# [SOLVED] Faulty Fan?



## mikebabes15 (Jan 30, 2013)

Hi, I wonder if anyone can help me with this please. 

I have a HP G61 Notebook, recently I notice high temps so as advised elsewhere on this site I blew compressed air to clean the vents of any dust. Plenty of fine dust blew out. However on start up since then the fan does not come on at all or at any time after, any suggestions or advice? I'm now getting temps of 67c and the computer grinds to a halt,

Regards
Mike


----------



## JMPC (Jan 15, 2011)

*Re: Faulty Fan?*

You'd have to take the laptop apart to get to the fan. Occasionally a large chunk of dust can clog the fan and keep it from rotating. If the fan is bad it's an easy replacement once you get the laptop apart which can be quite difficult for some models.


----------



## JMPC (Jan 15, 2011)

*Re: Faulty Fan?*

HP G61 overheating repair - by Laptop Specialist - YouTube


----------



## mikebabes15 (Jan 30, 2013)

*Re: Faulty Fan?*



JMPC said:


> You'd have to take the laptop apart to get to the fan. Occasionally a large chunk of dust can clog the fan and keep it from rotating. If the fan is bad it's an easy replacement once you get the laptop apart which can be quite difficult for some models.

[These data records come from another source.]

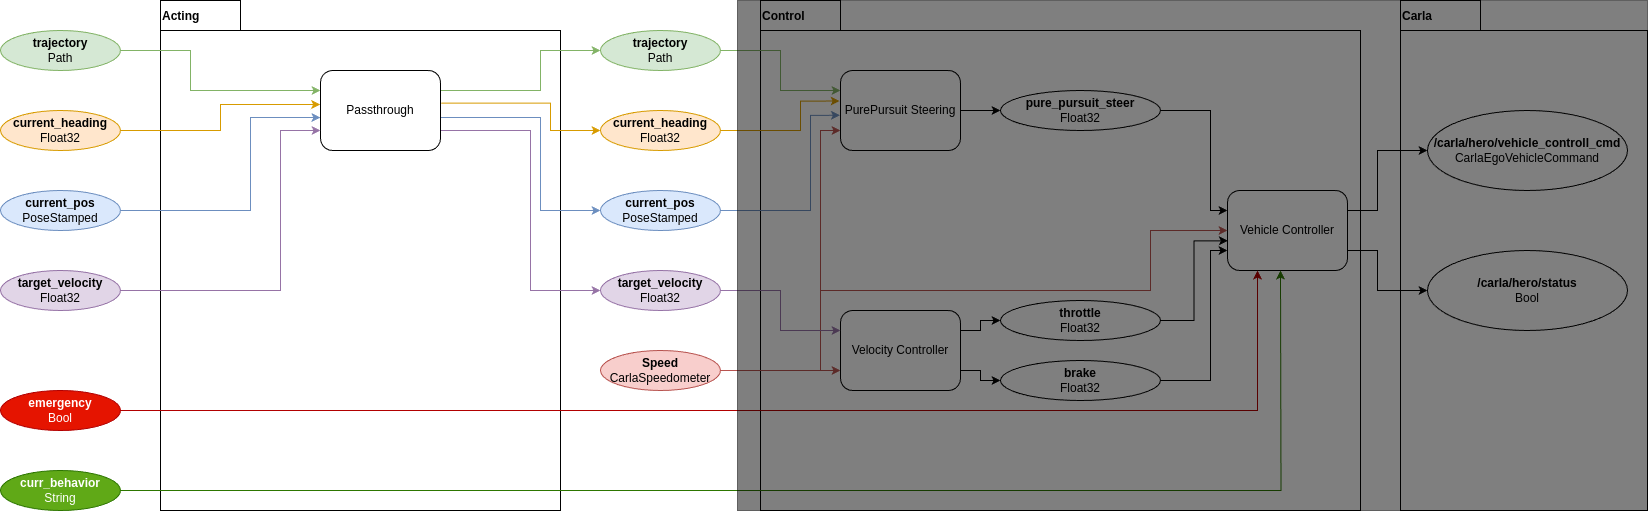

The diagram above was exported from draw.io. Its source (the exported page's mxGraphModel, read from the mxfile embedded in the PNG):
<mxGraphModel dx="2555" dy="2194" grid="1" gridSize="10" guides="1" tooltips="1" connect="1" arrows="1" fold="1" page="1" pageScale="1" pageWidth="827" pageHeight="1169" math="0" shadow="0">
  <root>
    <mxCell id="0" />
    <mxCell id="1" parent="0" />
    <mxCell id="dyMoaSE7MTtVxkNwPP2g-70" value="Carla" style="shape=folder;fontStyle=1;tabWidth=80;tabHeight=30;tabPosition=left;html=1;boundedLbl=1;whiteSpace=wrap;labelPosition=center;verticalLabelPosition=middle;align=left;verticalAlign=top;horizontal=1;spacingTop=-28;fillColor=none;movable=1;resizable=1;rotatable=1;deletable=1;editable=1;locked=0;connectable=1;" parent="1" vertex="1">
      <mxGeometry x="573" y="-1010" width="247" height="510" as="geometry" />
    </mxCell>
    <mxCell id="dyMoaSE7MTtVxkNwPP2g-1" value="Acting" style="shape=folder;fontStyle=1;tabWidth=80;tabHeight=30;tabPosition=left;html=1;boundedLbl=1;whiteSpace=wrap;labelPosition=center;verticalLabelPosition=middle;align=left;verticalAlign=top;horizontal=1;spacingTop=-28;fillColor=none;movable=1;resizable=1;rotatable=1;deletable=1;editable=1;locked=0;connectable=1;" parent="1" vertex="1">
      <mxGeometry x="-667" y="-1010" width="400" height="510" as="geometry" />
    </mxCell>
    <mxCell id="dyMoaSE7MTtVxkNwPP2g-2" value="Control" style="shape=folder;fontStyle=1;tabWidth=80;tabHeight=30;tabPosition=left;html=1;boundedLbl=1;whiteSpace=wrap;labelPosition=center;verticalLabelPosition=middle;align=left;verticalAlign=top;horizontal=1;spacingTop=-28;fillColor=none;movable=1;resizable=1;rotatable=1;deletable=1;editable=1;locked=0;connectable=1;" parent="1" vertex="1">
      <mxGeometry x="-67" y="-1010" width="600" height="510" as="geometry" />
    </mxCell>
    <mxCell id="dyMoaSE7MTtVxkNwPP2g-13" style="edgeStyle=orthogonalEdgeStyle;rounded=0;orthogonalLoop=1;jettySize=auto;html=1;exitX=1;exitY=0.5;exitDx=0;exitDy=0;entryX=0;entryY=0.25;entryDx=0;entryDy=0;fillColor=#d5e8d4;strokeColor=#82b366;" parent="1" source="dyMoaSE7MTtVxkNwPP2g-4" target="dyMoaSE7MTtVxkNwPP2g-9" edge="1">
      <mxGeometry relative="1" as="geometry">
        <Array as="points">
          <mxPoint x="-637" y="-960" />
          <mxPoint x="-637" y="-920" />
        </Array>
      </mxGeometry>
    </mxCell>
    <mxCell id="dyMoaSE7MTtVxkNwPP2g-4" value="&lt;b&gt;trajectory&lt;/b&gt;&lt;div&gt;Path&lt;/div&gt;" style="ellipse;whiteSpace=wrap;html=1;fillColor=#d5e8d4;strokeColor=#82b366;" parent="1" vertex="1">
      <mxGeometry x="-827" y="-980" width="120" height="40" as="geometry" />
    </mxCell>
    <mxCell id="dyMoaSE7MTtVxkNwPP2g-14" style="edgeStyle=orthogonalEdgeStyle;rounded=0;orthogonalLoop=1;jettySize=auto;html=1;exitX=1;exitY=0.5;exitDx=0;exitDy=0;fillColor=#ffe6cc;strokeColor=#d79b00;entryX=-0.003;entryY=0.425;entryDx=0;entryDy=0;entryPerimeter=0;" parent="1" source="dyMoaSE7MTtVxkNwPP2g-5" target="dyMoaSE7MTtVxkNwPP2g-9" edge="1">
      <mxGeometry relative="1" as="geometry">
        <mxPoint x="-507" y="-910" as="targetPoint" />
        <Array as="points">
          <mxPoint x="-607" y="-880" />
          <mxPoint x="-607" y="-906" />
        </Array>
      </mxGeometry>
    </mxCell>
    <mxCell id="dyMoaSE7MTtVxkNwPP2g-5" value="&lt;b&gt;current_heading&lt;/b&gt;&lt;div&gt;Float32&lt;/div&gt;" style="ellipse;whiteSpace=wrap;html=1;fillColor=#ffe6cc;strokeColor=#d79b00;" parent="1" vertex="1">
      <mxGeometry x="-827" y="-900" width="120" height="40" as="geometry" />
    </mxCell>
    <mxCell id="dyMoaSE7MTtVxkNwPP2g-15" style="edgeStyle=orthogonalEdgeStyle;rounded=0;orthogonalLoop=1;jettySize=auto;html=1;exitX=1;exitY=0.5;exitDx=0;exitDy=0;fillColor=#dae8fc;strokeColor=#6c8ebf;entryX=-0.001;entryY=0.59;entryDx=0;entryDy=0;entryPerimeter=0;" parent="1" source="dyMoaSE7MTtVxkNwPP2g-6" target="dyMoaSE7MTtVxkNwPP2g-9" edge="1">
      <mxGeometry relative="1" as="geometry">
        <mxPoint x="-517" y="-890" as="targetPoint" />
        <Array as="points">
          <mxPoint x="-577" y="-800" />
          <mxPoint x="-577" y="-893" />
          <mxPoint x="-517" y="-893" />
        </Array>
      </mxGeometry>
    </mxCell>
    <mxCell id="dyMoaSE7MTtVxkNwPP2g-6" value="&lt;b&gt;current_pos&lt;/b&gt;&lt;div&gt;PoseStamped&lt;/div&gt;" style="ellipse;whiteSpace=wrap;html=1;fillColor=#dae8fc;strokeColor=#6c8ebf;" parent="1" vertex="1">
      <mxGeometry x="-827" y="-820" width="120" height="40" as="geometry" />
    </mxCell>
    <mxCell id="dyMoaSE7MTtVxkNwPP2g-24" style="edgeStyle=orthogonalEdgeStyle;rounded=0;orthogonalLoop=1;jettySize=auto;html=1;exitX=1;exitY=0.5;exitDx=0;exitDy=0;entryX=0;entryY=0.75;entryDx=0;entryDy=0;fillColor=#f8cecc;strokeColor=#b85450;" parent="1" source="dyMoaSE7MTtVxkNwPP2g-7" target="dyMoaSE7MTtVxkNwPP2g-20" edge="1">
      <mxGeometry relative="1" as="geometry">
        <Array as="points">
          <mxPoint x="-7" y="-640" />
          <mxPoint x="-7" y="-880" />
        </Array>
      </mxGeometry>
    </mxCell>
    <mxCell id="dyMoaSE7MTtVxkNwPP2g-26" style="edgeStyle=orthogonalEdgeStyle;rounded=0;orthogonalLoop=1;jettySize=auto;html=1;exitX=1;exitY=0.5;exitDx=0;exitDy=0;entryX=0;entryY=0.75;entryDx=0;entryDy=0;fillColor=#f8cecc;strokeColor=#b85450;" parent="1" source="dyMoaSE7MTtVxkNwPP2g-7" target="dyMoaSE7MTtVxkNwPP2g-21" edge="1">
      <mxGeometry relative="1" as="geometry">
        <Array as="points">
          <mxPoint x="3" y="-640" />
          <mxPoint x="3" y="-640" />
        </Array>
      </mxGeometry>
    </mxCell>
    <mxCell id="dyMoaSE7MTtVxkNwPP2g-7" value="&lt;div&gt;&lt;b&gt;Speed&lt;/b&gt;&lt;/div&gt;&lt;div&gt;CarlaSpeedometer&lt;br&gt;&lt;/div&gt;" style="ellipse;whiteSpace=wrap;html=1;fillColor=#f8cecc;strokeColor=#b85450;" parent="1" vertex="1">
      <mxGeometry x="-227" y="-660" width="120" height="40" as="geometry" />
    </mxCell>
    <mxCell id="dyMoaSE7MTtVxkNwPP2g-16" style="edgeStyle=orthogonalEdgeStyle;rounded=0;orthogonalLoop=1;jettySize=auto;html=1;exitX=1;exitY=0.25;exitDx=0;exitDy=0;entryX=0;entryY=0.5;entryDx=0;entryDy=0;fillColor=#d5e8d4;strokeColor=#82b366;" parent="1" source="dyMoaSE7MTtVxkNwPP2g-9" target="dyMoaSE7MTtVxkNwPP2g-10" edge="1">
      <mxGeometry relative="1" as="geometry">
        <Array as="points">
          <mxPoint x="-287" y="-920" />
          <mxPoint x="-287" y="-960" />
        </Array>
      </mxGeometry>
    </mxCell>
    <mxCell id="dyMoaSE7MTtVxkNwPP2g-17" style="edgeStyle=orthogonalEdgeStyle;rounded=0;orthogonalLoop=1;jettySize=auto;html=1;exitX=1.006;exitY=0.408;exitDx=0;exitDy=0;entryX=0;entryY=0.5;entryDx=0;entryDy=0;fillColor=#ffe6cc;strokeColor=#d79b00;exitPerimeter=0;" parent="1" source="dyMoaSE7MTtVxkNwPP2g-9" target="dyMoaSE7MTtVxkNwPP2g-11" edge="1">
      <mxGeometry relative="1" as="geometry">
        <Array as="points">
          <mxPoint x="-277" y="-907" />
          <mxPoint x="-277" y="-880" />
        </Array>
      </mxGeometry>
    </mxCell>
    <mxCell id="dyMoaSE7MTtVxkNwPP2g-18" style="edgeStyle=orthogonalEdgeStyle;rounded=0;orthogonalLoop=1;jettySize=auto;html=1;exitX=0.998;exitY=0.588;exitDx=0;exitDy=0;entryX=0;entryY=0.5;entryDx=0;entryDy=0;fillColor=#dae8fc;strokeColor=#6c8ebf;exitPerimeter=0;" parent="1" source="dyMoaSE7MTtVxkNwPP2g-9" target="dyMoaSE7MTtVxkNwPP2g-12" edge="1">
      <mxGeometry relative="1" as="geometry">
        <Array as="points">
          <mxPoint x="-287" y="-893" />
          <mxPoint x="-287" y="-800" />
        </Array>
      </mxGeometry>
    </mxCell>
    <mxCell id="dyMoaSE7MTtVxkNwPP2g-67" style="edgeStyle=orthogonalEdgeStyle;rounded=0;orthogonalLoop=1;jettySize=auto;html=1;exitX=1;exitY=0.75;exitDx=0;exitDy=0;entryX=0;entryY=0.5;entryDx=0;entryDy=0;fillColor=#e1d5e7;strokeColor=#9673a6;" parent="1" source="dyMoaSE7MTtVxkNwPP2g-9" target="dyMoaSE7MTtVxkNwPP2g-62" edge="1">
      <mxGeometry relative="1" as="geometry">
        <Array as="points">
          <mxPoint x="-297" y="-880" />
          <mxPoint x="-297" y="-720" />
        </Array>
      </mxGeometry>
    </mxCell>
    <mxCell id="dyMoaSE7MTtVxkNwPP2g-9" value="Passthrough" style="rounded=1;whiteSpace=wrap;html=1;" parent="1" vertex="1">
      <mxGeometry x="-507" y="-940" width="120" height="80" as="geometry" />
    </mxCell>
    <mxCell id="dyMoaSE7MTtVxkNwPP2g-22" style="edgeStyle=orthogonalEdgeStyle;rounded=0;orthogonalLoop=1;jettySize=auto;html=1;exitX=1;exitY=0.5;exitDx=0;exitDy=0;entryX=0;entryY=0.25;entryDx=0;entryDy=0;fillColor=#d5e8d4;strokeColor=#82b366;" parent="1" source="dyMoaSE7MTtVxkNwPP2g-10" target="dyMoaSE7MTtVxkNwPP2g-20" edge="1">
      <mxGeometry relative="1" as="geometry" />
    </mxCell>
    <mxCell id="dyMoaSE7MTtVxkNwPP2g-10" value="&lt;b&gt;trajectory&lt;/b&gt;&lt;div&gt;Path&lt;/div&gt;" style="ellipse;whiteSpace=wrap;html=1;fillColor=#d5e8d4;strokeColor=#82b366;" parent="1" vertex="1">
      <mxGeometry x="-227" y="-980" width="120" height="40" as="geometry" />
    </mxCell>
    <mxCell id="dyMoaSE7MTtVxkNwPP2g-23" style="edgeStyle=orthogonalEdgeStyle;rounded=0;orthogonalLoop=1;jettySize=auto;html=1;exitX=1;exitY=0.5;exitDx=0;exitDy=0;fillColor=#ffe6cc;strokeColor=#d79b00;entryX=-0.007;entryY=0.382;entryDx=0;entryDy=0;entryPerimeter=0;" parent="1" source="dyMoaSE7MTtVxkNwPP2g-11" target="dyMoaSE7MTtVxkNwPP2g-20" edge="1">
      <mxGeometry relative="1" as="geometry">
        <mxPoint x="13" y="-900" as="targetPoint" />
        <Array as="points">
          <mxPoint x="-27" y="-880" />
          <mxPoint x="-27" y="-909" />
        </Array>
      </mxGeometry>
    </mxCell>
    <mxCell id="dyMoaSE7MTtVxkNwPP2g-11" value="&lt;b&gt;current_heading&lt;/b&gt;&lt;div&gt;Float32&lt;/div&gt;" style="ellipse;whiteSpace=wrap;html=1;fillColor=#ffe6cc;strokeColor=#d79b00;" parent="1" vertex="1">
      <mxGeometry x="-227" y="-900" width="120" height="40" as="geometry" />
    </mxCell>
    <mxCell id="dyMoaSE7MTtVxkNwPP2g-12" value="&lt;b&gt;current_pos&lt;/b&gt;&lt;div&gt;PoseStamped&lt;/div&gt;" style="ellipse;whiteSpace=wrap;html=1;fillColor=#dae8fc;strokeColor=#6c8ebf;" parent="1" vertex="1">
      <mxGeometry x="-227" y="-820" width="120" height="40" as="geometry" />
    </mxCell>
    <mxCell id="dyMoaSE7MTtVxkNwPP2g-38" style="edgeStyle=orthogonalEdgeStyle;rounded=0;orthogonalLoop=1;jettySize=auto;html=1;exitX=1;exitY=0.5;exitDx=0;exitDy=0;" parent="1" source="dyMoaSE7MTtVxkNwPP2g-20" target="dyMoaSE7MTtVxkNwPP2g-35" edge="1">
      <mxGeometry relative="1" as="geometry" />
    </mxCell>
    <mxCell id="dyMoaSE7MTtVxkNwPP2g-20" value="PurePursuit Steering" style="rounded=1;whiteSpace=wrap;html=1;" parent="1" vertex="1">
      <mxGeometry x="13" y="-940" width="120" height="80" as="geometry" />
    </mxCell>
    <mxCell id="dyMoaSE7MTtVxkNwPP2g-43" style="edgeStyle=orthogonalEdgeStyle;rounded=0;orthogonalLoop=1;jettySize=auto;html=1;exitX=1;exitY=0.25;exitDx=0;exitDy=0;entryX=0;entryY=0.5;entryDx=0;entryDy=0;" parent="1" source="dyMoaSE7MTtVxkNwPP2g-21" target="dyMoaSE7MTtVxkNwPP2g-41" edge="1">
      <mxGeometry relative="1" as="geometry" />
    </mxCell>
    <mxCell id="dyMoaSE7MTtVxkNwPP2g-44" style="edgeStyle=orthogonalEdgeStyle;rounded=0;orthogonalLoop=1;jettySize=auto;html=1;exitX=1;exitY=0.75;exitDx=0;exitDy=0;entryX=0;entryY=0.5;entryDx=0;entryDy=0;" parent="1" source="dyMoaSE7MTtVxkNwPP2g-21" target="dyMoaSE7MTtVxkNwPP2g-42" edge="1">
      <mxGeometry relative="1" as="geometry" />
    </mxCell>
    <mxCell id="dyMoaSE7MTtVxkNwPP2g-21" value="Velocity Controller" style="rounded=1;whiteSpace=wrap;html=1;" parent="1" vertex="1">
      <mxGeometry x="13" y="-700" width="120" height="80" as="geometry" />
    </mxCell>
    <mxCell id="dyMoaSE7MTtVxkNwPP2g-33" style="edgeStyle=orthogonalEdgeStyle;rounded=0;orthogonalLoop=1;jettySize=auto;html=1;exitX=1;exitY=0.25;exitDx=0;exitDy=0;" parent="1" source="dyMoaSE7MTtVxkNwPP2g-28" target="dyMoaSE7MTtVxkNwPP2g-31" edge="1">
      <mxGeometry relative="1" as="geometry">
        <Array as="points">
          <mxPoint x="550" y="-800" />
          <mxPoint x="550" y="-860" />
        </Array>
      </mxGeometry>
    </mxCell>
    <mxCell id="dyMoaSE7MTtVxkNwPP2g-34" style="edgeStyle=orthogonalEdgeStyle;rounded=0;orthogonalLoop=1;jettySize=auto;html=1;exitX=1;exitY=0.75;exitDx=0;exitDy=0;entryX=0;entryY=0.5;entryDx=0;entryDy=0;" parent="1" source="dyMoaSE7MTtVxkNwPP2g-28" target="dyMoaSE7MTtVxkNwPP2g-32" edge="1">
      <mxGeometry relative="1" as="geometry">
        <Array as="points">
          <mxPoint x="550" y="-760" />
          <mxPoint x="550" y="-720" />
        </Array>
      </mxGeometry>
    </mxCell>
    <mxCell id="dyMoaSE7MTtVxkNwPP2g-28" value="Vehicle Controller" style="rounded=1;whiteSpace=wrap;html=1;" parent="1" vertex="1">
      <mxGeometry x="400" y="-820" width="120" height="80" as="geometry" />
    </mxCell>
    <mxCell id="dyMoaSE7MTtVxkNwPP2g-31" value="&lt;b&gt;/carla/hero/vehicle_controll_cmd&lt;/b&gt;&lt;div&gt;CarlaEgoVehicleCommand&lt;/div&gt;" style="ellipse;whiteSpace=wrap;html=1;" parent="1" vertex="1">
      <mxGeometry x="600" y="-900" width="200" height="80" as="geometry" />
    </mxCell>
    <mxCell id="dyMoaSE7MTtVxkNwPP2g-32" value="&lt;b&gt;/carla/hero/status&lt;/b&gt;&lt;div&gt;Bool&lt;/div&gt;" style="ellipse;whiteSpace=wrap;html=1;" parent="1" vertex="1">
      <mxGeometry x="600" y="-760" width="200" height="80" as="geometry" />
    </mxCell>
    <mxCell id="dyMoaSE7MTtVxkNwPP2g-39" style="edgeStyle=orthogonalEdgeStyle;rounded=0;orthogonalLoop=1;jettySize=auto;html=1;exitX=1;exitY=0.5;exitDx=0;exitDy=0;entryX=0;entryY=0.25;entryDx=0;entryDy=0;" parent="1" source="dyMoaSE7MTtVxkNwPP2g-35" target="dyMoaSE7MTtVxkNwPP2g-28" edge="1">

Okay thanks for your reply, looking at the video it is rather complicated. 
Regards 
Mike


----------



## mikebabes15 (Jan 30, 2013)

*Re: Faulty Fan?*

Just a quick update on this.

I've blasted the vents again with air and got even more dust out, after this I turned the computer back on and the fan is working better than ever! It must have freed the blockage. Temps are now between 27 and 32c. 

Problem solved, thanks.


----------



## Tyree (May 10, 2009)

*Re: Faulty Fan?*

Glad you got it resolved.
For future reference, use compressed (canned) air regularly to help avoid a repeat of the problem.


----------



## mikebabes15 (Jan 30, 2013)

*Re: Faulty Fan?*



Tyree said:


> Glad you got it resolved.
> For future reference, use compressed (canned) air regularly to help avoid a repeat of the problem.



Thanks a very useful (and cost effective) tip it's running perfect! :smile:


----------